Surprised by Hope

Surprised by Hope


By: N.T. Wright

N.T. Wright is one of my favorite modern theologians. His books tend to be accessible for the average reader yet have a depth that attracts the most zealous of seminarians. In my option, Surprised by Hope is one of his most important books because it challenges individuals as well as the Church to re-think salvation and the implications it has for the future and the present.

Wright talks at length at the beginning and throughout the entire book about the prevailing Platonic thought that pervades our Western culture and church. In Platonic thought, there is a great emphasis on the spiritual over and against the material called Dualism. Dualistic thinking says that all that is material is bad. The prevailing thought is to escape this world to move onto something better yet still immaterial. Those both inside the church and outside have this idea that heaven is an immaterial place where we just sit on clouds and talk to the people that have gone before. The Christian hope is reduced to escaping this earth and going onto the next form of existence. Interestingly enough, the underlying way of thinking within our western church culture resembles more Greek thought than early Christian thought.

The resurrection of Jesus is the evidence and promise of our own bodily resurrection. This is the message needed in our churches today. Those in Christ will be raised to the new heaven and the new earth. This is what Wright calls “life after life after death.” Many times, in our culture we get so focused on the intermediate state, or for some purgatory, that we completely downplay what happens after that intermediate state. The intermediate state (paradise, purgatory, and much of our culture’s concept of hell) is intermediate. It is not meant nor ever meant to be final. So, at a funeral, or when talking about how someone has passed, we need to shift our language from seeing them or being with them when we die in some spiritual, immaterial state, to the hope that someday they will be resurrected and citizens in the New Heaven and New Earth.

The hope then affects not just a future existence, but our present experience. It forces us to re-evaluate our view of social justice. We are called, because of the hope of resurrection, to stand with those who cannot, to speak for those without a voice, and to stand against injustice. Wright believes and I along with him, that as escapism and dualism continues to spread within the Western church we will continue to find churches who shun the poor and powerless.

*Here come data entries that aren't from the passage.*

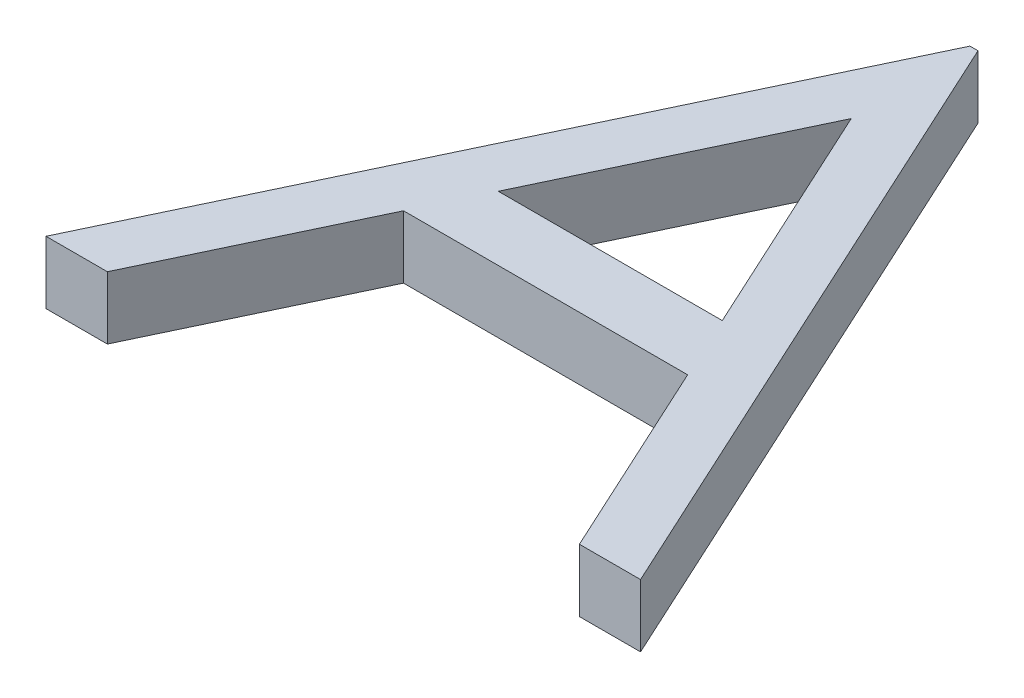
SolidWorks part; units mm, degrees
ref_plane "Front Plane" through (0, 0, 0) normal (0, 0, 1) x (1, 0, 0)
ref_plane "Top Plane" through (0, 0, 0) normal (0, 1, 0) x (1, 0, 0)
ref_plane "Right Plane" through (0, 0, 0) normal (1, 0, 0) x (0, 0, -1)
sketch "Sketch3" plane through (0, 0, 0) normal (0, 1, 0) x (1, 0, 0)
  text T0 "A" font "Century Gothic" height 25.4
extrude "Boss-Extrude2" add sketch "Sketch3" along normal blind 2.54
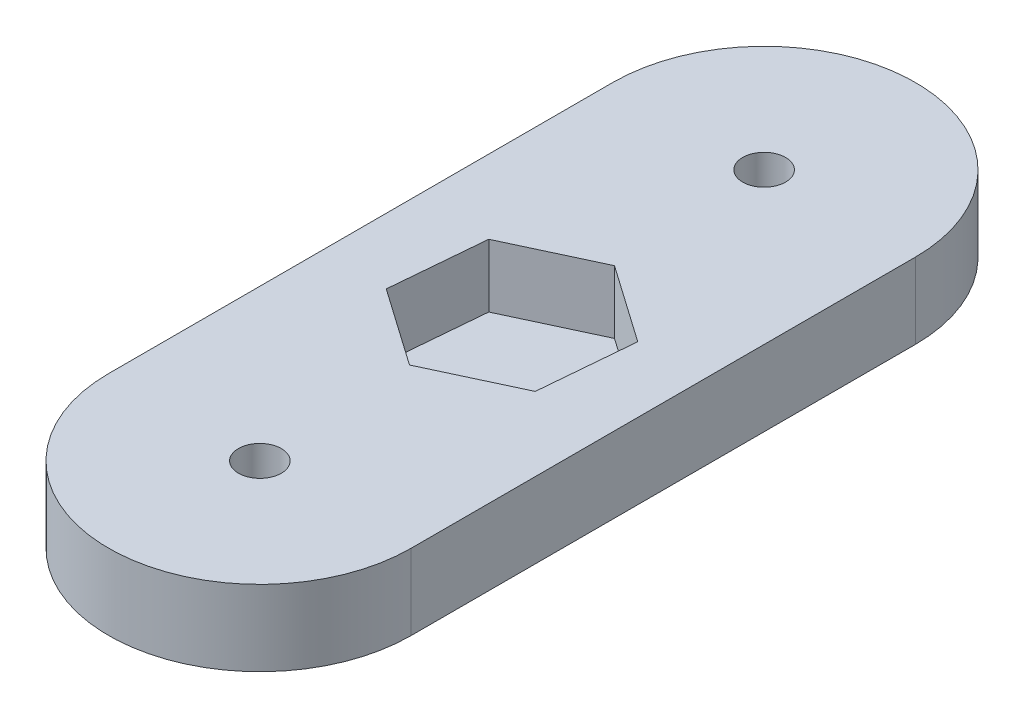
SolidWorks part; units mm, degrees
material "ABS PC"
ref_plane "Front Plane" through (0, 0, 0) normal (0, 0, 1) x (1, 0, 0)
ref_plane "Top Plane" through (0, 0, 0) normal (0, 1, 0) x (1, 0, 0)
ref_plane "Right Plane" through (0, 0, 0) normal (1, 0, 0) x (0, 0, -1)
sketch "Sketch1" plane through (0, 0, 0) normal (0, 1, 0) x (1, 0, 0)
  line L0 (0, 0) -> (0, 40) construction
  line L1 (-12, 0) -> (-12, 40)
  line L2 (12, 0) -> (12, 40)
  arc A0 (-12, 0) -> (12, 0) centre (0, 0) ccw
  arc A1 (12, 40) -> (-12, 40) centre (0, 40) ccw
  circle A2 centre (0, 40) radius 1.7
  circle A3 centre (0, 0) radius 1.7
  point P3 (0, 20)
  dimension "D2" = 40
  dimension "D3" = 3.4
  dimension "D1" = 24
extrude "Boss-Extrude1" add sketch "Sketch1" along normal blind 6
sketch "Sketch2" plane through (0, 6, 0) normal (0, 1, 0) x (1, 0, 0)
  line L0 (12, 0) -> (12, 40) construction
  line L1 (6.1482, 15.695) -> (6.8023, 23.172)
  line L2 (6.8023, 23.172) -> (0.6542, 27.477)
  line L3 (0.6542, 27.477) -> (-6.1482, 24.305)
  line L4 (-6.1482, 24.305) -> (-6.8023, 16.828)
  line L5 (-6.8023, 16.828) -> (-0.6542, 12.523)
  line L6 (-0.6542, 12.523) -> (6.1482, 15.695)
  line L7 (-12, 40) -> (-12, 0) construction
  circle A0 centre (0, 20) radius 6.5 construction
  dimension "D1" = 13
  dimension "D2" = 12
  dimension "D3" = 20
  dimension "D4" = 115
extrude "Cut-Extrude1" cut sketch "Sketch2" against normal blind 5
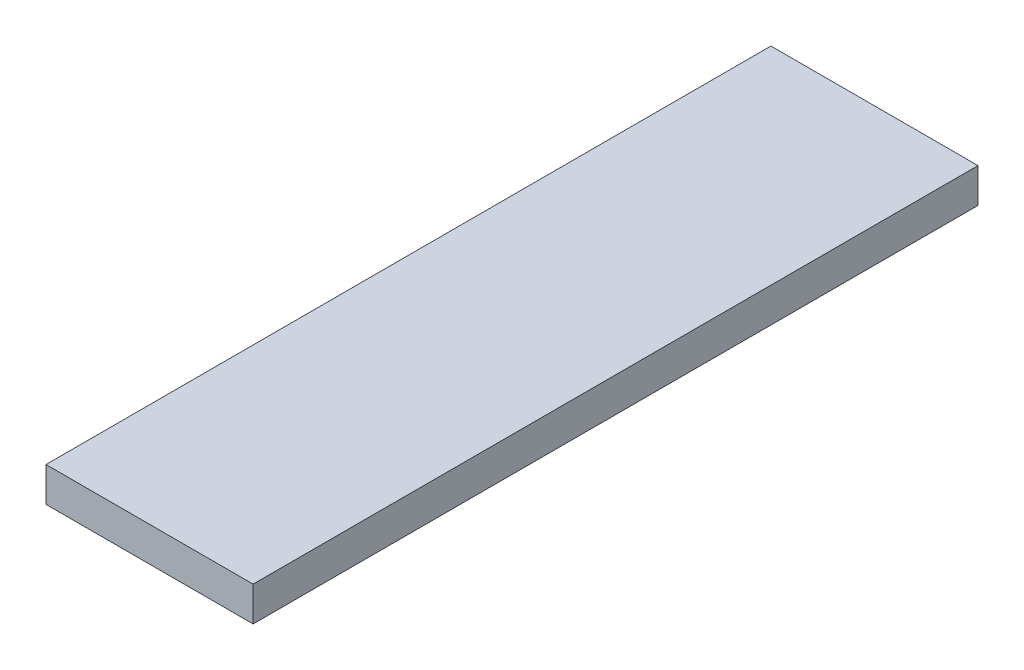
SolidWorks part; units mm, degrees
ref_plane "Front" through (0, 0, 0) normal (0, 0, 1) x (1, 0, 0)
ref_plane "Top" through (0, 0, 0) normal (0, 1, 0) x (1, 0, 0)
ref_plane "Right" through (0, 0, 0) normal (1, 0, 0) x (0, 0, -1)
sketch "Sketch1" plane through (0, 0, 0) normal (0, 0, 1) x (1, 0, 0)
  line L1 (0, 0) -> (-15.24, 0)
  line L2 (0, 0) -> (0, 2.54)
  line L3 (0, 2.54) -> (-15.24, 2.54)
  line L4 (-15.24, 0) -> (-15.24, 2.54)
  dimension "D1" = 15.24
  dimension "D2" = 2.54
extrude "Boss-Extrude1" add sketch "Sketch1" along normal blind 53.34

This resurrection hope also shapes our view of evangelism. The hope of the resurrection compels us to share in that hope. We need to bring the message of God’s kingdom here on earth. It has already begun. As people are converted they are not living in a vacuum of self-salvation, but they are a part of a global kingdom. Our salvation lies in the fact that we will be resurrected at the last day. Death has no hold on us because it has already been defeated by the resurrection of Jesus Christ. We need to express in our evangelistic efforts that we are truly saved from the sting of death.

I know this has been a longer post and a bit of a soapbox, but this book is one of the few modern Christian books that have truly affected and changed my life. I encourage you to pick it up and rediscover the hope we have as Christians.